== Work instruction ==
Return each line of the records below in which the string "name" turns up.

──────

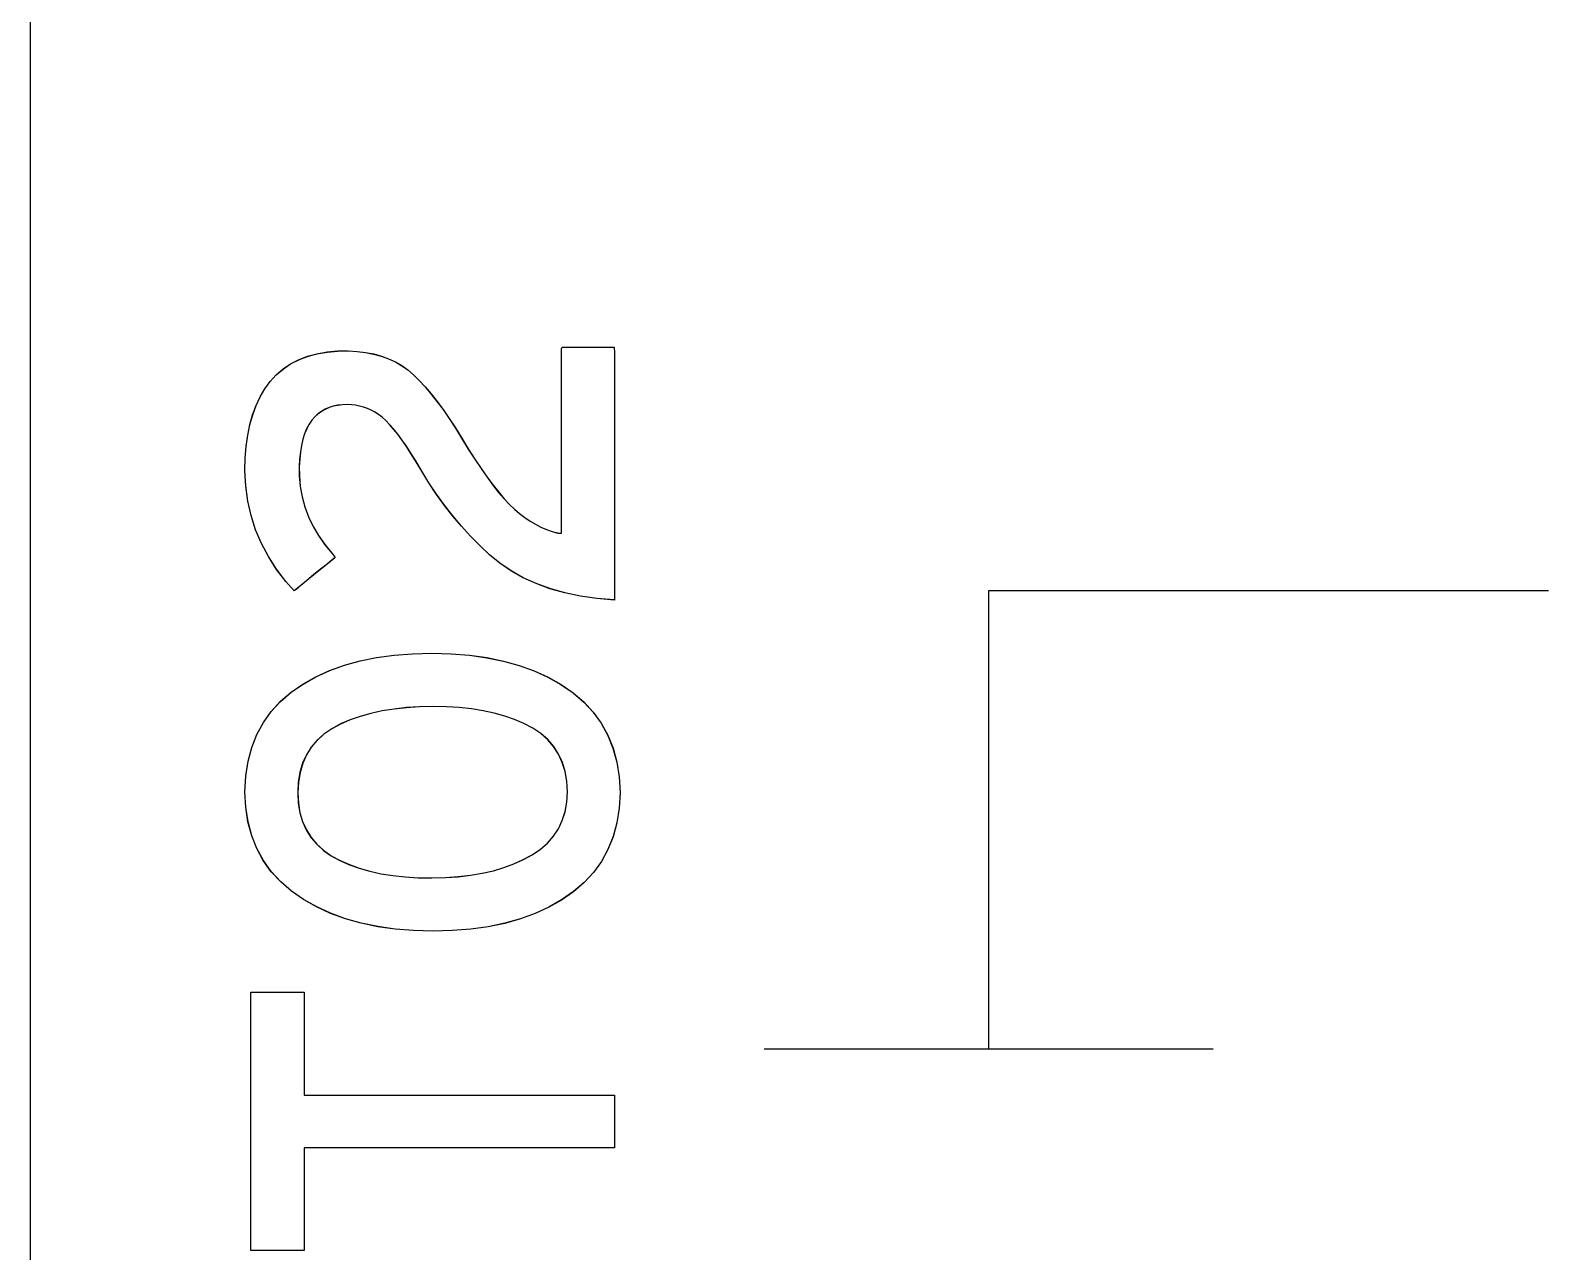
# Model space of a CAD drawing. Extents: x 1 to 47.7, y 0.2 to 35.
# Drawn here: x 36.2985 to 36.7042, y 3.8626 to 4.1891 of the extents above; entities that cross this region are included whole.
import ezdxf

# ---------------------------------------------------------------- set-up
doc = ezdxf.new("R2010")
doc.units = 0
doc.header["$MEASUREMENT"] = 0
for name, color, linetype in [('7_2___8__INDEPENDENT_INPUT', 7, 'CONTINUOUS'), ('7_3___8__OPTOISO_INDEPENDE', 7, 'CONTINUOUS'), ('7_4___24__OPTOISO_INDEPEND', 7, 'CONTINUOUS'), ('7_6____8__INDEPENDENT_INPU', 7, 'CONTINUOUS'), ('7_7____8__OPTOISO_INDEPEND', 7, 'CONTINUOUS'), ('8_0_____DWG', 7, 'CONTINUOUS')]:
    doc.layers.add(name, color=color, linetype=linetype)

msp = doc.modelspace()

# ---------------------------------------------------------------- linework, layer by layer
at = {"layer": '7_2___8__INDEPENDENT_INPUT'}
for points in [[(36.45455, 4.03681), (36.44989, 4.03722), (36.44547, 4.03785), (36.44128, 4.03873), (36.43733, 4.03984), (36.43363, 4.04118), (36.43016, 4.04276), (36.42692, 4.04457), (36.42393, 4.04662), (36.42118, 4.04891), (36.41858, 4.05135), (36.41609, 4.05388), (36.41368, 4.05652), (36.41137, 4.05926), (36.40915, 4.06211), (36.40703, 4.06505), (36.40499, 4.06809), (36.40305, 4.07124), (36.40144, 4.07398), (36.40018, 4.07601), (36.39896, 4.07788), (36.39778, 4.07959), (36.39664, 4.08113), (36.39554, 4.08251), (36.39448, 4.08373), (36.39347, 4.08479), (36.39249, 4.08569), (36.39153, 4.0864), (36.39055, 4.08701), (36.38955, 4.08754), (36.38854, 4.08799), (36.38751, 4.08836), (36.38646, 4.08865), (36.38539, 4.08885), (36.3843, 4.08898), (36.38319, 4.08903), (36.38189, 4.08899), (36.38063, 4.08884), (36.37943, 4.08859), (36.3783, 4.08823), (36.37724, 4.08777), (36.37625, 4.0872), (36.37533, 4.08652), (36.37448, 4.08574), (36.37369, 4.08485), (36.37296, 4.08379), (36.37232, 4.08259), (36.37176, 4.08125), (36.3713, 4.07976), (36.37092, 4.07814), (36.37064, 4.07637), (36.37045, 4.07447), (36.37034, 4.07242), (36.37035, 4.07001), (36.37061, 4.06717), (36.37111, 4.06439), (36.37185, 4.06169), (36.37282, 4.05906), (36.37403, 4.05651), (36.37548, 4.05402), (36.37717, 4.05161), (36.3791, 4.04926), (36.3799, 4.04814), (36.37911, 4.0475), (36.37776, 4.0464), (36.37606, 4.04501), (36.37418, 4.04349), (36.37234, 4.042), (36.37073, 4.04069), (36.36955, 4.03973), (36.36899, 4.03927), (36.36678, 4.04172), (36.36426, 4.045), (36.36207, 4.04841), (36.36021, 4.05194), (36.35867, 4.05559), (36.35747, 4.05936), (36.35659, 4.06326), (36.35603, 4.06728), (36.35581, 4.07142), (36.35589, 4.07473), (36.35614, 4.07788), (36.35655, 4.08086), (36.35713, 4.08367), (36.35788, 4.08631), (36.35879, 4.08879), (36.35986, 4.0911), (36.3611, 4.09324), (36.36252, 4.09522), (36.36417, 4.09699), (36.36599, 4.09855), (36.36799, 4.09989), (36.37017, 4.10102), (36.37253, 4.10193), (36.37507, 4.10262), (36.37778, 4.1031), (36.38067, 4.10336), (36.38344, 4.10339), (36.38581, 4.10326), (36.38807, 4.10298), (36.39023, 4.10256), (36.39227, 4.10199), (36.3942, 4.10128), (36.39603, 4.10043), (36.39774, 4.09944), (36.39935, 4.0983), (36.40088, 4.09697), (36.40241, 4.09546), (36.40397, 4.09377), (36.40555, 4.09192), (36.40714, 4.08989), (36.40876, 4.08769), (36.4104, 4.08533), (36.41205, 4.08279), (36.41373, 4.08008), (36.4155, 4.07717), (36.41723, 4.07445), (36.41891, 4.07192), (36.42054, 4.06961), (36.42211, 4.06749), (36.42362, 4.06558), (36.42508, 4.06386), (36.42649, 4.06236), (36.42784, 4.06105), (36.42922, 4.05989), (36.43061, 4.05883), (36.43203, 4.05788), (36.43346, 4.05704), (36.43492, 4.0563), (36.4364, 4.05567), (36.4379, 4.05514), (36.43942, 4.05472), (36.44044, 4.05471), (36.44044, 4.0576), (36.44044, 4.06319), (36.44044, 4.07061), (36.44044, 4.07895), (36.44044, 4.08735), (36.44044, 4.09491), (36.44044, 4.10075), (36.44044, 4.10399), (36.44061, 4.10436), (36.44162, 4.10436), (36.44333, 4.10436), (36.44551, 4.10436), (36.4479, 4.10436), (36.45024, 4.10436), (36.45229, 4.10436), (36.4538, 4.10436), (36.45452, 4.10436), (36.45455, 4.10286), (36.45455, 4.09717), (36.45455, 4.08834), (36.45455, 4.07759), (36.45455, 4.06611), (36.45455, 4.05509), (36.45455, 4.04573), (36.45455, 4.03924)], [(36.40579, 4.02257), (36.41094, 4.02244), (36.41584, 4.02205), (36.42051, 4.0214), (36.42494, 4.02049), (36.42914, 4.01932), (36.43309, 4.01789), (36.43681, 4.01619), (36.44029, 4.01424), (36.44352, 4.01203), (36.4464, 4.00955), (36.4489, 4.00683), (36.45104, 4.00386), (36.4528, 4.00065), (36.45419, 3.99718), (36.4552, 3.99347), (36.45584, 3.98952), (36.45611, 3.98531), (36.45584, 3.98115), (36.45521, 3.97723), (36.4542, 3.97356), (36.45283, 3.97013), (36.45108, 3.96694), (36.44897, 3.964), (36.44649, 3.9613), (36.44364, 3.95885), (36.44045, 3.95664), (36.43703, 3.95468), (36.43335, 3.95299), (36.42943, 3.95156), (36.42526, 3.95039), (36.42083, 3.94948), (36.41616, 3.94883), (36.41123, 3.94844), (36.40606, 3.94831), (36.4009, 3.94844), (36.39598, 3.94884), (36.3913, 3.9495), (36.38686, 3.95042), (36.38266, 3.95161), (36.3787, 3.95307), (36.37498, 3.95478), (36.3715, 3.95676), (36.36826, 3.959), (36.36537, 3.96148), (36.36286, 3.9642), (36.36073, 3.96716), (36.35899, 3.97036), (36.35762, 3.97381), (36.35664, 3.97749), (36.35603, 3.98141), (36.35581, 3.98557), (36.35606, 3.98977), (36.35667, 3.99372), (36.35766, 3.99742), (36.35902, 4.00088), (36.36075, 4.00407), (36.36285, 4.00702), (36.36531, 4.00972), (36.36815, 4.01216), (36.37134, 4.01435), (36.37478, 4.01628), (36.37846, 4.01795), (36.3824, 4.01936), (36.38658, 4.02051), (36.39101, 4.02141), (36.39569, 4.02206), (36.40061, 4.02244)], [(36.40606, 4.00833), (36.40244, 4.00826), (36.39898, 4.00804), (36.39566, 4.00767), (36.3925, 4.00716), (36.38949, 4.00651), (36.38664, 4.00571), (36.38394, 4.00476), (36.38139, 4.00367), (36.37901, 4.00241), (36.3769, 4.00095), (36.37507, 3.99929), (36.37352, 3.99744), (36.37225, 3.9954), (36.37125, 3.99317), (36.37053, 3.99074), (36.37008, 3.98812), (36.36991, 3.98531), (36.37008, 3.98254), (36.37052, 3.97996), (36.37123, 3.97757), (36.37222, 3.97537), (36.37348, 3.97336), (36.37501, 3.97154), (36.37681, 3.9699), (36.37889, 3.96846), (36.38122, 3.9672), (36.38372, 3.96608), (36.38638, 3.96511), (36.38921, 3.9643), (36.3922, 3.96364), (36.39535, 3.96314), (36.39867, 3.96279), (36.40215, 3.96259), (36.40579, 3.96255), (36.40939, 3.96263), (36.41283, 3.96286), (36.41612, 3.96324), (36.41925, 3.96377), (36.42223, 3.96446), (36.42504, 3.9653), (36.42771, 3.96629), (36.43022, 3.96744), (36.4326, 3.96873), (36.43478, 3.97018), (36.43667, 3.97182), (36.43827, 3.97365), (36.43959, 3.97566), (36.44063, 3.97786), (36.44137, 3.98024), (36.44183, 3.98281), (36.442, 3.98557), (36.44183, 3.98838), (36.44138, 3.991), (36.44064, 3.99341), (36.43963, 3.99564), (36.43833, 3.99766), (36.43674, 3.99949), (36.43488, 4.00112), (36.43273, 4.00256), (36.43037, 4.00379), (36.42789, 4.00485), (36.42525, 4.00577), (36.42245, 4.00655), (36.41949, 4.00719), (36.41637, 4.00769), (36.4131, 4.00804), (36.40966, 4.00826)]]:
    msp.add_lwpolyline(points, close=True, dxfattribs=at)
for points in [[(36.55459, 3.9168), (36.55459, 4.0393), (36.70423, 4.0393)], [(36.37161, 3.9045), (36.45455, 3.9045), (36.45455, 3.89039), (36.37161, 3.89039), (36.37161, 3.86294), (36.35737, 3.86294), (36.35737, 3.93199), (36.37161, 3.93199), (36.37161, 3.9045)], [(36.4946, 3.9168), (36.61459, 3.9168)]]:
    msp.add_lwpolyline(points, dxfattribs=at)
at = {"layer": '7_3___8__OPTOISO_INDEPENDE'}
for points in [[(36.45455, 4.03681), (36.44989, 4.03722), (36.44547, 4.03785), (36.44128, 4.03873), (36.43733, 4.03984), (36.43363, 4.04118), (36.43016, 4.04276), (36.42692, 4.04457), (36.42393, 4.04662), (36.42118, 4.04891), (36.41858, 4.05135), (36.41609, 4.05388), (36.41368, 4.05652), (36.41137, 4.05926), (36.40915, 4.06211), (36.40703, 4.06505), (36.40499, 4.06809), (36.40305, 4.07124), (36.40144, 4.07398), (36.40018, 4.07601), (36.39896, 4.07788), (36.39778, 4.07959), (36.39664, 4.08113), (36.39554, 4.08251), (36.39448, 4.08373), (36.39347, 4.08479), (36.39249, 4.08569), (36.39153, 4.0864), (36.39055, 4.08701), (36.38955, 4.08754), (36.38854, 4.08799), (36.38751, 4.08836), (36.38646, 4.08865), (36.38539, 4.08885), (36.3843, 4.08898), (36.38319, 4.08903), (36.38189, 4.08899), (36.38063, 4.08884), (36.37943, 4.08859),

──────

== Solution to the problem ==
for name, color, linetype in [('7_2___8__INDEPENDENT_INPUT', 7, 'CONTINUOUS'), ('7_3___8__OPTOISO_INDEPENDE', 7, 'CONTINUOUS'), ('7_4___24__OPTOISO_INDEPEND', 7, 'CONTINUOUS'), ('7_6____8__INDEPENDENT_INPU', 7, 'CONTINUOUS'), ('7_7____8__OPTOISO_INDEPEND', 7, 'CONTINUOUS'), ('8_0_____DWG', 7, 'CONTINUOUS')]:
    doc.layers.add(name, color=color, linetype=linetype)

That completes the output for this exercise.